Given the legal profession’s love for language – and its often confusing use of words for similar principles – it’s no surprise that some may be confused between ‘deeds’ and ‘agreements’.  

Aren’t these just fancy words for contracts? Do they have the same effect? Or are they in a different ballpark all together? 

This article will explain the difference between deeds and agreements, and help you decide which is best for your situation. 

What Is An Agreement?

In general, it can be considered that all contracts are agreements. However, whether an agreement is binding (that is, enforceable by law) depends on the circumstances of the agreement.

A written agreement usually refers to an exchange between multiple parties, where one party will provide goods/services to another party in return for ‘consideration’. This ‘consideration’ is commonly monetary compensation, it can also be anything of value.

Elements Of An Agreement

For an agreement to be legally enforceable, there must be

  • An offer and acceptance of the offer;
  • An intention by the parties to be legally bound by the agreement; and
  • Consideration, which is some form of exchange of value from one party to the other. Consideration is a very broad term that can mean much more than just money (though this is the most common form of consideration). 

Agreements can be expressed in written form or can be agreed upon orally. They are enforceable regardless of which form is used. 

For example, a typical agreement may state: I offer to mow your garden, and you accept and agree to pay me $30. 

 In this scenario, there is a clear offer and acceptance from the parties, as well as a clear intention to create legal relations. Lastly, there has been consideration provided in the form of the $30 monetary payment.  

What Is A Deed?

A deed is a form of promise or commitment to do something. 

A deed emphasises the fact that a party is honestly indicating their intention to follow through with what they have promised.   

A deed is commonly used to show a party’s intention to:

  • Transfer an interest in property
  • Create an obligation that a party must act on

How Is A Deed Executed?

In NSW, for a deed to be enforceable, it must be in writing. 
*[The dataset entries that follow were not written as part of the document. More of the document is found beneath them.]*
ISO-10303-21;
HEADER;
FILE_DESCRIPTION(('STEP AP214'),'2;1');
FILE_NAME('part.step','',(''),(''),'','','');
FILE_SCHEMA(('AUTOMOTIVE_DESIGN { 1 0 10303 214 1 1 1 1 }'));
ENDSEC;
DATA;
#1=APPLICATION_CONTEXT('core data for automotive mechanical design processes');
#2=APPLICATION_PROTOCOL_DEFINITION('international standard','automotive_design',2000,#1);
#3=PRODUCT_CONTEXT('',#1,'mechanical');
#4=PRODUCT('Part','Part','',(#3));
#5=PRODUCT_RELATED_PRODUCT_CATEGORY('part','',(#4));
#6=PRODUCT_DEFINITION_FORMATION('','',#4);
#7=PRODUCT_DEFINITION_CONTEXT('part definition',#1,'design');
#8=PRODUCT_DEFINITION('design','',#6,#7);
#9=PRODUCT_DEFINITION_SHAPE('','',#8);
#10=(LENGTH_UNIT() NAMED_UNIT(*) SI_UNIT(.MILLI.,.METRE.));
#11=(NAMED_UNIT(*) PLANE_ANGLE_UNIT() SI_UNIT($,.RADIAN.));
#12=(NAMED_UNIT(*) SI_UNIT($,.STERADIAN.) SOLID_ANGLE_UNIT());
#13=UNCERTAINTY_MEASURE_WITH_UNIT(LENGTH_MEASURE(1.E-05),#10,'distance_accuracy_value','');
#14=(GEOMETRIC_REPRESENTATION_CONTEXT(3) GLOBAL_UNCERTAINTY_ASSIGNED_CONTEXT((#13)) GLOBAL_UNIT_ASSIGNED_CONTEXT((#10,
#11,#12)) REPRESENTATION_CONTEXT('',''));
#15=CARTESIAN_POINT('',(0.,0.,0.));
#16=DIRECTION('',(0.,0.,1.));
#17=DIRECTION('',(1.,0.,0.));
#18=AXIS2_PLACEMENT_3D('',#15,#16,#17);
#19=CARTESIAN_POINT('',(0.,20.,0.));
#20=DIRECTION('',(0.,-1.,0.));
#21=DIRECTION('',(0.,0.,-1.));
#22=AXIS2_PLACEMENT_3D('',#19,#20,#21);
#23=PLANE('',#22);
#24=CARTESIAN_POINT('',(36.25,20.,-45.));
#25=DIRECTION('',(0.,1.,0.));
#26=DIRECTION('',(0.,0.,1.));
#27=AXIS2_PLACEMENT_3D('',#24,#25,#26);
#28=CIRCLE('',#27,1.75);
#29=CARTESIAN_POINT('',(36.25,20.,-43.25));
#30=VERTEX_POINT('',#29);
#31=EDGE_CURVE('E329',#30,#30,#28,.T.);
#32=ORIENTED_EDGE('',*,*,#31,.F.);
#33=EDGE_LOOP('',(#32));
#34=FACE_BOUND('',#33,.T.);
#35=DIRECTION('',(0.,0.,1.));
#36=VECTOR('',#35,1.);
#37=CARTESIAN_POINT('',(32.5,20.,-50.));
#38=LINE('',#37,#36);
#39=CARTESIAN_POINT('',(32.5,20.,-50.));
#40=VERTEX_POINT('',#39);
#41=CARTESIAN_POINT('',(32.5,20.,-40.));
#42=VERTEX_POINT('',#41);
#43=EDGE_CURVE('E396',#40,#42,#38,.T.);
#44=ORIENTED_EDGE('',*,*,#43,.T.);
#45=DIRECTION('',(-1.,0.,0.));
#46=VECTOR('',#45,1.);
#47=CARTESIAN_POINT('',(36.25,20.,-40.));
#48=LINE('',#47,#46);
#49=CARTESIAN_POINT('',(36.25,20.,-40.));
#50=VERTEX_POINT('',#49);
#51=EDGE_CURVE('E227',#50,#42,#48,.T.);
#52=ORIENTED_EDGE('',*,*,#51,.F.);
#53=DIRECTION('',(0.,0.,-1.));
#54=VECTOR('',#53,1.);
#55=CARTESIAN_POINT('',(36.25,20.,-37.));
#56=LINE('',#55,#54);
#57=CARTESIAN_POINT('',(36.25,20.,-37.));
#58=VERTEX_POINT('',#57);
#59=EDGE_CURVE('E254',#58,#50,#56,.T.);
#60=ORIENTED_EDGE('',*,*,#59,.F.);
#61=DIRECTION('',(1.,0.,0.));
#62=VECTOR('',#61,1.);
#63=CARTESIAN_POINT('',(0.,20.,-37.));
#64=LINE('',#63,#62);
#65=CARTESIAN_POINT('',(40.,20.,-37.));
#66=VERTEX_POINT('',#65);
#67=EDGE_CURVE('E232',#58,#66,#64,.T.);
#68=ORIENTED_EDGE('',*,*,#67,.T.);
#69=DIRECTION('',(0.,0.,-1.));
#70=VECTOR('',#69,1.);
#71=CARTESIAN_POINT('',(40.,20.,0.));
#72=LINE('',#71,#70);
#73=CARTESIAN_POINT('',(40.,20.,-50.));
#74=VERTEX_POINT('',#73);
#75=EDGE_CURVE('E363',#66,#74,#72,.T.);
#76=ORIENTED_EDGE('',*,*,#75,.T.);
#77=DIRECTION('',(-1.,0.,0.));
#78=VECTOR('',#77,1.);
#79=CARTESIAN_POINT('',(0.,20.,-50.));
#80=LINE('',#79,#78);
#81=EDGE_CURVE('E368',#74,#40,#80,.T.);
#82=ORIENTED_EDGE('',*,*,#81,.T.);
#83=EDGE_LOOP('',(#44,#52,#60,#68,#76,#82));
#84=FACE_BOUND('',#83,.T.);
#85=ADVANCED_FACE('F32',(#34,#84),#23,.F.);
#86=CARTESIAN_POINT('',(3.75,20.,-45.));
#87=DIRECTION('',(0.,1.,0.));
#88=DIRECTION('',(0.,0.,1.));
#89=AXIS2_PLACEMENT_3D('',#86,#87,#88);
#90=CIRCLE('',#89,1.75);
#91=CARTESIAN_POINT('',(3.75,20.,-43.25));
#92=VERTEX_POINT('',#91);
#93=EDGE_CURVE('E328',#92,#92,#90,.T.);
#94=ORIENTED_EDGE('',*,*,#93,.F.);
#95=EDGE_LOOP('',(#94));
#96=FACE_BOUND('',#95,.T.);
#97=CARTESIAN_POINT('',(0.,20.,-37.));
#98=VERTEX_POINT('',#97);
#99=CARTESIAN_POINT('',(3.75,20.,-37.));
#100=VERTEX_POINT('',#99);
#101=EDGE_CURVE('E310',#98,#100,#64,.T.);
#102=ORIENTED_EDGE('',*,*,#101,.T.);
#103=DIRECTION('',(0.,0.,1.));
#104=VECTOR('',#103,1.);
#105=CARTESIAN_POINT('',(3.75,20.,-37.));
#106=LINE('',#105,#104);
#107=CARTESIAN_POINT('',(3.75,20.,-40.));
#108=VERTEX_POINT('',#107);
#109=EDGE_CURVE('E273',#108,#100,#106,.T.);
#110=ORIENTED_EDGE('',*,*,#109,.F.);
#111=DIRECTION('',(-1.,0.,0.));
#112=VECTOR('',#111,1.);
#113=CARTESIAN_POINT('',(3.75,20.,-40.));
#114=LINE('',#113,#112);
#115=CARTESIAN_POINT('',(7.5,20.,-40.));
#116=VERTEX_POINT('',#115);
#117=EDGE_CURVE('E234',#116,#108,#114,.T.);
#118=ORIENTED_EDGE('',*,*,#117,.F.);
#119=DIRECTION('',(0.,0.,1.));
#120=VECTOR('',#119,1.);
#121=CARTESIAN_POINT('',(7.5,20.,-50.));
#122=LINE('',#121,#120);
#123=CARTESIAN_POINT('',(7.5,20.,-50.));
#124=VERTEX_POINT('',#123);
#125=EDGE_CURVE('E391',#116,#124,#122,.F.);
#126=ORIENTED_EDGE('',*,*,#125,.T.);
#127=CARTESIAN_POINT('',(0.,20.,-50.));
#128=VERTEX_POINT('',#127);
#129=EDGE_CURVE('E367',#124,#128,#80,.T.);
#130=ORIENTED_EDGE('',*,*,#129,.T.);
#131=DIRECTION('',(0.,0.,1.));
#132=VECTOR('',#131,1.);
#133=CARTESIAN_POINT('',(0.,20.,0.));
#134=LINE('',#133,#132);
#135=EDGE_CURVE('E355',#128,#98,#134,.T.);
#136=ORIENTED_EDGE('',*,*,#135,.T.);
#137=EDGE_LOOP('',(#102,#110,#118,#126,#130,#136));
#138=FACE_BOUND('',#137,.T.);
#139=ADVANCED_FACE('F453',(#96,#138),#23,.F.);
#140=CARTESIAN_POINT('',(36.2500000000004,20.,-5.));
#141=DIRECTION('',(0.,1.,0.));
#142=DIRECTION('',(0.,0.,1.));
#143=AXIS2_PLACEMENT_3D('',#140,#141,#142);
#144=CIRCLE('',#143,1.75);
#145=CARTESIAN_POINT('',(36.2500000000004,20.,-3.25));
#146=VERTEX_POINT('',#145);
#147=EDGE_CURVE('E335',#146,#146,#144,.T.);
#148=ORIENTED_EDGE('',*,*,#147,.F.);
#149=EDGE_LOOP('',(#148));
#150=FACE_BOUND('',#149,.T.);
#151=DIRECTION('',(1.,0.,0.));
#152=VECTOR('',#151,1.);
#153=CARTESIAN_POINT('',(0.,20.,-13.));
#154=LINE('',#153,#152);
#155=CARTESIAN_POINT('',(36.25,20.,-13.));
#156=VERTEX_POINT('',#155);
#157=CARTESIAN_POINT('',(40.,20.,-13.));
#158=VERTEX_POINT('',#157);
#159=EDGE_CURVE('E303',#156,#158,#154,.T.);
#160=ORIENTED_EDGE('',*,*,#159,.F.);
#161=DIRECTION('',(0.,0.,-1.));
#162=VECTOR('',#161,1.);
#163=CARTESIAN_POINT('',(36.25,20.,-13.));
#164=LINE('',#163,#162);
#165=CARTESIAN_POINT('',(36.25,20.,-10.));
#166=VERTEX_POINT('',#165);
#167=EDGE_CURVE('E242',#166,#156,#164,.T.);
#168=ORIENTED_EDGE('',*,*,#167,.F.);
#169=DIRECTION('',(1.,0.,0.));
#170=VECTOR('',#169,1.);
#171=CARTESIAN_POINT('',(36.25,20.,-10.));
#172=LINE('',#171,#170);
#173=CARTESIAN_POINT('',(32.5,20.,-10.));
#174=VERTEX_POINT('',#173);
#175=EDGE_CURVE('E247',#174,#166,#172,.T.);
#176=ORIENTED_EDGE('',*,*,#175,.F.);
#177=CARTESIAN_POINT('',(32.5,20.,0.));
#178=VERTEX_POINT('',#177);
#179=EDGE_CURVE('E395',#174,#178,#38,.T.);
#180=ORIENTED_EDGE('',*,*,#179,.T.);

The deed must also be signed, sealed and delivered to the counterparty for it to be binding.

You will also need a witness who is not a party to the deed. 

So, What Are The Key Differences Between Deeds and Agreements?

The main thing that differentiates a deed from a binding agreement is that, in order for a deed to be binding, consideration is not necessary.

Furthermore, while an agreement is enforceable whether it is made orally or in writing, a deed must be executed in writing

But how do courts determine whether something is an agreement or a deed? 

This is often decided by considering parties’ true intentions. If the person executing a deed is intending that the document will be immediately binding on themselves, it’s more likely to be seen as a deed rather than an agreement.

Another key difference between deeds and agreements is limitation periods. A limitation period is the amount of time after a certain event has occurred that a party can initiate legal proceedings.

For a breach of contract, the limitation period is usually 6 years after the breach. When it comes to deeds, given their unique nature, it is common to find a limitation period of 12 years. 

What To Take Away…

To avoid confusion as to whether a document is an agreement or a deed, words that explicitly show the intention of the document should be used. For instance, you may specify that the document is “to be executed as a deed”. The wording and format of the document is vital to show your intentions and avoid future headaches. 

Deciding whether you wish to execute a deed or an agreement will depend on the circumstances of each individual case. 

As a deed is binding once it has been ‘signed, sealed and delivered’, it may be commonly used when parties are unsure about whether there has been sufficient consideration provided. This will ensure that the obligations under the proposed agreement are legally binding. 

What’s more, some states require that certain transactions must be executed by a deed in order to be valid. 

If you are unsure about what form of instrument or agreement to use, it is important that you seek legal advice.